BEGIN DATASET CONTENT

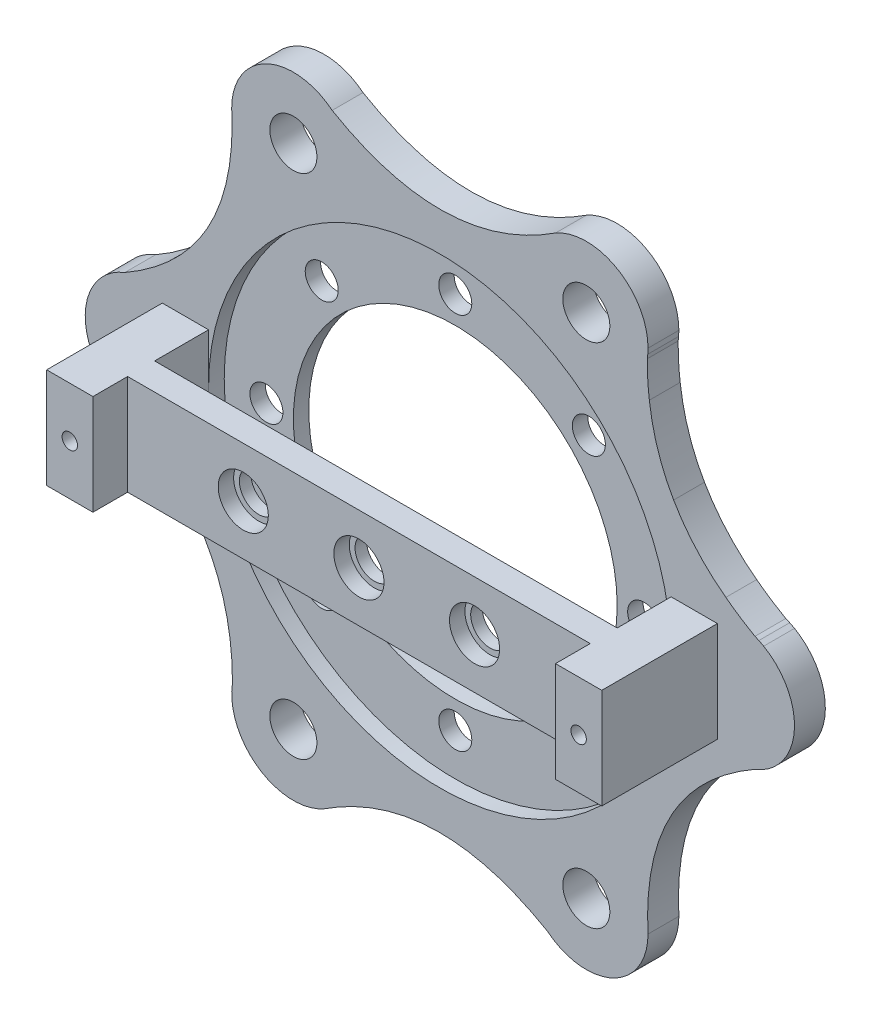
SolidWorks part; units mm, degrees
material "PVC 0.007 Plasticized"
ref_plane "Front Plane" through (0, 0, 0) normal (0, 0, 1) x (1, 0, 0)
ref_plane "Top Plane" through (0, 0, 0) normal (0, 1, 0) x (1, 0, 0)
ref_plane "Right Plane" through (0, 0, 0) normal (1, 0, 0) x (0, 0, -1)
sketch "Sketch1" plane through (0, 0, 0) normal (0, 0, 1) x (1, 0, 0)
  circle A0 centre (-37.0379, 0.1374) radius 3.05
  circle A1 centre (-18.0379, -32.7715) radius 3.05
  circle A2 centre (19.9621, -32.7715) radius 3.05
  circle A3 centre (38.9621, 0.1374) radius 3.05
  circle A4 centre (19.9621, 33.0464) radius 3.05
  circle A5 centre (-18.0379, 33.0464) radius 3.05
  circle A6 centre (0.9621, 0.1374) radius 30
  arc A8 (41.8311, -7.3304) -> (41.8311, 7.6053) centre (38.9621, 0.1374) ccw
  arc A9 (27.8639, 31.7971) -> (15.3684, 39.5961) centre (19.9621, 33.0464) ccw
  arc A10 (41.8311, -7.3304) -> (41.8311, 7.6053) centre (38.9621, 0.1374) ccw
  arc A11 (14.9292, -38.9901) -> (27.9311, -32.0681) centre (19.9621, -32.7715) ccw
  arc A12 (-25.9398, -31.5223) -> (-13.4443, -39.3212) centre (-18.0379, -32.7715) ccw
  arc A13 (-39.907, 7.6053) -> (-40.4133, -7.1156) centre (-37.0379, 0.1374) ccw
  arc A14 (-13.0051, 39.265) -> (-26.007, 32.343) centre (-18.0379, 33.0464) ccw
  spline S0 degree 2 poles (41.8311, 7.6053) (27.0544, 16.0568) (27.9621, 33.0464) knots 0 0 0 1 1 1
  spline S1 degree 2 poles (-25.9398, -31.5223) (-25.8707, -14.4995) (-41.0379, -6.7908) knots 0 0 0 1 1 1
  spline S2 degree 2 poles (-39.907, 7.6053) (-25.1303, 16.0568) (-26.0379, 33.0464) knots 0 0 0 1 1 1
  spline S3 degree 2 poles (-13.0051, 39.265) (1.7025, 30.6938) (15.9621, 39.9746) knots 0 0 0 1 1 1
  spline S4 degree 2 poles (27.8639, 31.7971) (27.7949, 14.7744) (42.9621, 7.0656) knots 0 0 0 1 1 1
  spline S5 degree 2 poles (41.8311, -7.3304) (27.0544, -15.782) (27.9621, -32.7715) knots 0 0 0 1 1 1
  spline S6 degree 2 poles (14.9292, -38.9901) (0.2216, -30.4189) (-14.0379, -39.6997) knots 0 0 0 1 1 1
  point P35 (0.9621, 0.1374)
  point P54 (0.9621, 0.1374)
  dimension "D2" = 6
extrude "Boss-Extrude1" add sketch "Sketch1" along normal blind 4 contours S6 A11 S5 A8 S4 S0 A9 S3 A14 S2 A13 S1 A12 A6 A5 A4 A3 A2 A1 A0 | A0 | A3
sketch "Sketch2" plane through (0, 0, 4) normal (0, 0, 1) x (1, 0, 0)
  line L4 (-29.0379, 0.1075) -> (30.9621, 0.1374) construction
  line L5 (0.9621, 0.1225) -> (0.9621, -42.9731) construction
  line L10 (-29.0379, 6.6075) -> (-29.0379, -6.3925)
  line L11 (-29.0379, 6.6075) -> (-35.0379, 6.6075)
  line L12 (-35.0379, 6.6075) -> (-35.0379, -6.3925)
  line L13 (-35.0379, -6.3925) -> (-29.0379, -6.3925)
  line L14 (36.9621, 6.6075) -> (36.9621, -6.3925)
  line L15 (30.9621, 6.6075) -> (36.9621, 6.6075)
  line L16 (30.9621, 6.6075) -> (30.9621, -6.3925)
  line L17 (36.9621, -6.3925) -> (30.9621, -6.3925)
  circle A0 centre (0.9621, 0.1374) radius 30 construction
  point P5 (-29.0379, 0.1075)
extrude "Boss-Extrude3" add sketch "Sketch2" along normal blind 15
sketch "Sketch3" plane through (30.9621, 0, 0) normal (-1, 0, 0) x (0, 0, 1)
  line L0 (4, 6.6075) -> (4, -6.3925) construction
  line L1 (4, -6.3925) -> (4, 0.1075) construction
  line L2 (4, 0.1075) -> (11, 0.1075) construction
  line L3 (19, 6.6075) -> (4, 6.6075) construction
  line L4 (11, 6.6075) -> (14.5, 6.6075)
  line L5 (11, 6.6075) -> (11, -6.3925)
  line L6 (11, -6.3925) -> (14.5, -6.3925)
  line L7 (14.5, 6.6075) -> (14.5, -6.3925)
  line L8 (19, -6.3925) -> (4, -6.3925) construction
extrude "Boss-Extrude4" add sketch "Sketch3" along normal up to surface (60 mm away) up to face at (-29.0379, 0.1135, 10)
sketch "Sketch4" plane through (0, 0, 14.5) normal (0, 0, 1) x (1, 0, 0)
  circle A3 centre (-14.0379, 0.1075) radius 2.5
  circle A4 centre (0.9621, 0.1075) radius 2.5
  circle A5 centre (15.9621, 0.1075) radius 2.5
  dimension "D1" = 3
extrude "Cut-Extrude2" cut sketch "Sketch4" against normal through all
sketch "Sketch5" plane through (0, 0, 14.5) normal (0, 0, 1) x (1, 0, 0)
  circle A1 centre (-14.0379, 0.1075) radius 3.25
  circle A2 centre (0.9621, 0.1075) radius 3.25
  circle A3 centre (15.9621, 0.1075) radius 3.25
extrude "Cut-Extrude3" cut sketch "Sketch5" against normal blind 2
sketch "Sketch6" plane through (0, 0, 4) normal (0, 0, 1) x (1, 0, 0)
  circle A0 centre (0.9621, 0.1075) radius 29.9701
  circle A1 centre (0.9621, 0.1075) radius 21
extrude "Boss-Extrude6" add sketch "Sketch6" against normal blind 2 from offset 2 separate body offset against normal yes
sketch "Sketch7" plane through (0, 0, 0) normal (0, 0, -1) x (-1, 0, 0)
  circle A0 centre (-0.9621, 0.1075) radius 24.5 construction
  circle A1 centre (-0.9621, 24.6075) radius 2.1412
  circle A2 centre (16.3621, 17.4316) radius 2.1412
  circle A3 centre (23.5379, 0.1075) radius 2.1412
  circle A4 centre (16.3621, -17.2166) radius 2.1412
  circle A5 centre (-0.9621, -24.3925) radius 2.1412
  circle A6 centre (-18.2862, -17.2166) radius 2.1412
  circle A7 centre (-25.4621, 0.1075) radius 2.1412
  circle A8 centre (-18.2862, 17.4316) radius 2.1412
  point P21 (-0.9621, 0.1075)
  dimension "D1" = 8
extrude "Cut-Extrude4" cut sketch "Sketch7" against normal up to surface (2 mm away) up to face at (21.9621, 0.1075, 2)
sketch "Sketch9" plane through (0, 0, 19) normal (0, 0, 1) x (1, 0, 0)
  line L2 (-35.0379, 6.6075) -> (-35.0379, -6.3925) construction
  line L3 (-29.0379, 6.6075) -> (-35.0379, 6.6075) construction
  line L5 (36.9621, 6.6075) -> (30.9621, 6.6075) construction
  circle A0 centre (33.9621, 0.1075) radius 1
  circle A1 centre (-32.0379, 0.1075) radius 1
  point P4 (0, 0)
  point P7 (-35.0379, 0.1075)
  point P10 (0, 0)
  point P11 (-32.0379, 6.6075)
  point P12 (0, 0)
  point P15 (0, 0)
  point P18 (33.9621, 6.6075)
  dimension "D1" = 2
extrude "Cut-Extrude5" cut sketch "Sketch9" against normal blind 9

END DATASET CONTENT

From the records above, copy each line that contains the word "Boss".

_COMPLETED TASK_:
extrude "Boss-Extrude1" add sketch "Sketch1" along normal blind 4 contours S6 A11 S5 A8 S4 S0 A9 S3 A14 S2 A13 S1 A12 A6 A5 A4 A3 A2 A1 A0 | A0 | A3
extrude "Boss-Extrude3" add sketch "Sketch2" along normal blind 15
extrude "Boss-Extrude4" add sketch "Sketch3" along normal up to surface (60 mm away) up to face at (-29.0379, 0.1135, 10)
extrude "Boss-Extrude6" add sketch "Sketch6" against normal blind 2 from offset 2 separate body offset against normal yes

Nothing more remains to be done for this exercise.